BEGIN Exercise material

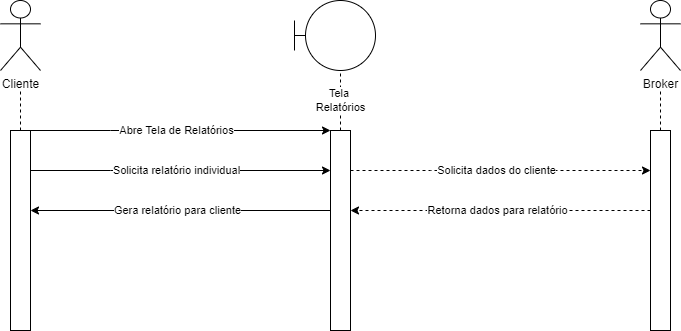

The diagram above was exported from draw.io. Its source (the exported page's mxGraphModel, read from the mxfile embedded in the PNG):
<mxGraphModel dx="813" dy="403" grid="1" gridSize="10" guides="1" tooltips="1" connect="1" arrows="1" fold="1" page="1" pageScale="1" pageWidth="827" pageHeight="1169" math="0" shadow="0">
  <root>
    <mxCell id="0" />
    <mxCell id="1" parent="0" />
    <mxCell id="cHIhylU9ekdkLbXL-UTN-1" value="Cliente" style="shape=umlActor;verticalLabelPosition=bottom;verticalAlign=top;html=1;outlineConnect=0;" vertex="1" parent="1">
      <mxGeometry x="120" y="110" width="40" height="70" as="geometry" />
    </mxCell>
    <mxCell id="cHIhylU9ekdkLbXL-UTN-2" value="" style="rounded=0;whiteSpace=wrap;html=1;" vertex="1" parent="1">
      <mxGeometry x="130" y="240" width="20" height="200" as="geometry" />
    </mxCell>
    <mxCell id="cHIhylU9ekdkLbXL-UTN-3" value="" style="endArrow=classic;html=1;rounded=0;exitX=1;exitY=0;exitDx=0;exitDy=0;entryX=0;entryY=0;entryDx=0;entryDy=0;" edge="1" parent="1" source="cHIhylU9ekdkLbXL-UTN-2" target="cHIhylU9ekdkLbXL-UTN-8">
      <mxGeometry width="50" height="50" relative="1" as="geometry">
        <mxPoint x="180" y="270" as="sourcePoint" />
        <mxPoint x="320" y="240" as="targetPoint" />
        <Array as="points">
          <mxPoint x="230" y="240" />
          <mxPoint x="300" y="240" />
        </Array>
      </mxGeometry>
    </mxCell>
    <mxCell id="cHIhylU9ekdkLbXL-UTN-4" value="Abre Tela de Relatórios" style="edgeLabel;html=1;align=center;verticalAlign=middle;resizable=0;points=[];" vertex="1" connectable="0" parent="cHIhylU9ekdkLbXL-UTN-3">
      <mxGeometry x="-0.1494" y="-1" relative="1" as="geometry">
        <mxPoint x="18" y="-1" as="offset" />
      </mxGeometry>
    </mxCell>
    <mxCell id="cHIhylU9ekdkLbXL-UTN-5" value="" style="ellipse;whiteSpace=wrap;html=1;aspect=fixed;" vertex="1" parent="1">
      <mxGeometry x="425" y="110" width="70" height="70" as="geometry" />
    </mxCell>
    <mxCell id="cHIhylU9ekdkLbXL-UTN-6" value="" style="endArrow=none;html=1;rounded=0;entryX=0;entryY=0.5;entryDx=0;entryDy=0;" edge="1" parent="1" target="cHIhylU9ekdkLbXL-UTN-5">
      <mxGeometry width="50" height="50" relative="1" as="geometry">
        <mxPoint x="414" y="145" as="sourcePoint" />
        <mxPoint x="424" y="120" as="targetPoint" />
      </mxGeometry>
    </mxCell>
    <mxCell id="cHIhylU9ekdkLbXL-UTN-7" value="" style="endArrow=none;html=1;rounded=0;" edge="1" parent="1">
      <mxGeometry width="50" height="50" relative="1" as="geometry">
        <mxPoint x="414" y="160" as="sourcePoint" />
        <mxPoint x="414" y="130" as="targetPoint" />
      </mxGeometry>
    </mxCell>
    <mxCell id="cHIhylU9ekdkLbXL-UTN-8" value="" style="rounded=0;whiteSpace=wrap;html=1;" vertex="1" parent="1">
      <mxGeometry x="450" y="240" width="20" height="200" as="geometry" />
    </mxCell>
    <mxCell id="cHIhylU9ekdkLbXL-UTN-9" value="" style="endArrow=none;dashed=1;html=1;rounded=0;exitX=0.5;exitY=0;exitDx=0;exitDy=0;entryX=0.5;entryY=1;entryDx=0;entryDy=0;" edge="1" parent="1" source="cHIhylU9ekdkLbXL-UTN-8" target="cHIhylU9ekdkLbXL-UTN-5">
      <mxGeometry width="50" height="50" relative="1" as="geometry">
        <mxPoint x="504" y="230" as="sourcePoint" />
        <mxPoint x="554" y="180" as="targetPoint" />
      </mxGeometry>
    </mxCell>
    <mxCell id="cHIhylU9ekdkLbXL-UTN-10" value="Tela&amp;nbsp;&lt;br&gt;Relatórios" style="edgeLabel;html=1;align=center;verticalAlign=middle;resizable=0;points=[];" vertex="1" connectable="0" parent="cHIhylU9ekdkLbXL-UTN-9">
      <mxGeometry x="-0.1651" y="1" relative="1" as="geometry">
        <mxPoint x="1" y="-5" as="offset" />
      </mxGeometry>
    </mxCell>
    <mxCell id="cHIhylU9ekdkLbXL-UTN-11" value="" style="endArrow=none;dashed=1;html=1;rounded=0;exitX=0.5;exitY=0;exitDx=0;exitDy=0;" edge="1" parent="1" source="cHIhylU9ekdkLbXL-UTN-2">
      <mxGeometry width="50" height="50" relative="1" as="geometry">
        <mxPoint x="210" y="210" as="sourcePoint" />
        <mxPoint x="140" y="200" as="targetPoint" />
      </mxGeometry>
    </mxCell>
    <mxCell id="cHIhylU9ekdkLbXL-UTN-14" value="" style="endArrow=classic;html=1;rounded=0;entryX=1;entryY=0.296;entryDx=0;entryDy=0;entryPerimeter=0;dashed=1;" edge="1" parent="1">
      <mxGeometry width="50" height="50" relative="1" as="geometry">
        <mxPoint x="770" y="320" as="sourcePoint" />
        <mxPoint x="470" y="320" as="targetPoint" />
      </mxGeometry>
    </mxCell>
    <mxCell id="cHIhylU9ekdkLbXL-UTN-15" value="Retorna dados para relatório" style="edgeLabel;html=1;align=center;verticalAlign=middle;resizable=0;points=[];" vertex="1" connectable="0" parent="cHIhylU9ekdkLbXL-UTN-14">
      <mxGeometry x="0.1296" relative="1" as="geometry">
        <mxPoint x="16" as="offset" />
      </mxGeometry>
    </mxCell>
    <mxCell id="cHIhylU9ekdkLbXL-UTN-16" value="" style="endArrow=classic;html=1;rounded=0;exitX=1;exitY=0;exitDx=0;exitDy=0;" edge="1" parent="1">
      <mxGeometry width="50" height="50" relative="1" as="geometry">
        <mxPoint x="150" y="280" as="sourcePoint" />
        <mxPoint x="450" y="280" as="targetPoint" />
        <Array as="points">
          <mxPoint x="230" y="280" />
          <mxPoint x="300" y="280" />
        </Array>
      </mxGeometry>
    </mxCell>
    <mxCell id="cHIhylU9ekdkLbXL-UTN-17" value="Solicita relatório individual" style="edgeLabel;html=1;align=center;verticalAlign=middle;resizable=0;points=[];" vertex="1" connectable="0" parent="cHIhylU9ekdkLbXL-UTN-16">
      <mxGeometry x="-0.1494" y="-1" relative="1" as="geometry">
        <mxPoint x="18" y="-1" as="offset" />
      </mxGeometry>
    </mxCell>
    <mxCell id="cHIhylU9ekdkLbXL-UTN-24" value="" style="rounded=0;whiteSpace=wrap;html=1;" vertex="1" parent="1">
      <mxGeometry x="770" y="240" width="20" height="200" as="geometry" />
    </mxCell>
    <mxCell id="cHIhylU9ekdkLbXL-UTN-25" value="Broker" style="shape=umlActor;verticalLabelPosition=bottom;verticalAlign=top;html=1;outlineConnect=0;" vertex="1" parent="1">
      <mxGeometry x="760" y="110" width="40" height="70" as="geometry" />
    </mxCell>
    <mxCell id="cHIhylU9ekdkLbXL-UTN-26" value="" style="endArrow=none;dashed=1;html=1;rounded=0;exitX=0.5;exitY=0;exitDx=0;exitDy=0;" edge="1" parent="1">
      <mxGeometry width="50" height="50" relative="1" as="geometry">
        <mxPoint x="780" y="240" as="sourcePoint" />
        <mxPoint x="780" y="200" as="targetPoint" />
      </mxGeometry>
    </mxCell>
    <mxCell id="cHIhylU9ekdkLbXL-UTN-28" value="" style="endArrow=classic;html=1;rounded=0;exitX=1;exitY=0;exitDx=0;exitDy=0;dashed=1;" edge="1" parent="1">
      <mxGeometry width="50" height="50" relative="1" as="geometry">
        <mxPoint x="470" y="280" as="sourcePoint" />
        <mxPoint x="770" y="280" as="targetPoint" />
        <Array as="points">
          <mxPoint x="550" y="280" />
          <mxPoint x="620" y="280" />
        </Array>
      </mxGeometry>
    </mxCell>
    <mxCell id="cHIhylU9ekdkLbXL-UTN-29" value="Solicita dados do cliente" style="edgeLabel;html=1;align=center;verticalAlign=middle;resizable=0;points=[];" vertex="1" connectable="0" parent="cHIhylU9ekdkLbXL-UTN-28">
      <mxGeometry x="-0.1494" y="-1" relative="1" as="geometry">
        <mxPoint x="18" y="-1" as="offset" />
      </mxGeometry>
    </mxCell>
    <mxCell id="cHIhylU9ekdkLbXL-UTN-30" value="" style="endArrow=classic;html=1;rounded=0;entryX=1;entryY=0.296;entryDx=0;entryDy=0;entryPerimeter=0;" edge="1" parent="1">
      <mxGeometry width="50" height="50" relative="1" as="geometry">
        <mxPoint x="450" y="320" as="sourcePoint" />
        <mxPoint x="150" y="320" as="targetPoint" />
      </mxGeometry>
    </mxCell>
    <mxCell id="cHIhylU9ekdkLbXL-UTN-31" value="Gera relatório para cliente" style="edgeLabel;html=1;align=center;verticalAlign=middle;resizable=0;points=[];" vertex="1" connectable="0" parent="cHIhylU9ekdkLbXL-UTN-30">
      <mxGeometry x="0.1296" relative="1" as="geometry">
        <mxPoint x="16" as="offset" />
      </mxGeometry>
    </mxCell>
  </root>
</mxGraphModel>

END Exercise material

▶ _Assignment_
Out of the preceding entries, pull each line that contains the word "page".

▶ _Answer space_
The diagram above was exported from draw.io. Its source (the exported page's mxGraphModel, read from the mxfile embedded in the PNG):
<mxGraphModel dx="813" dy="403" grid="1" gridSize="10" guides="1" tooltips="1" connect="1" arrows="1" fold="1" page="1" pageScale="1" pageWidth="827" pageHeight="1169" math="0" shadow="0">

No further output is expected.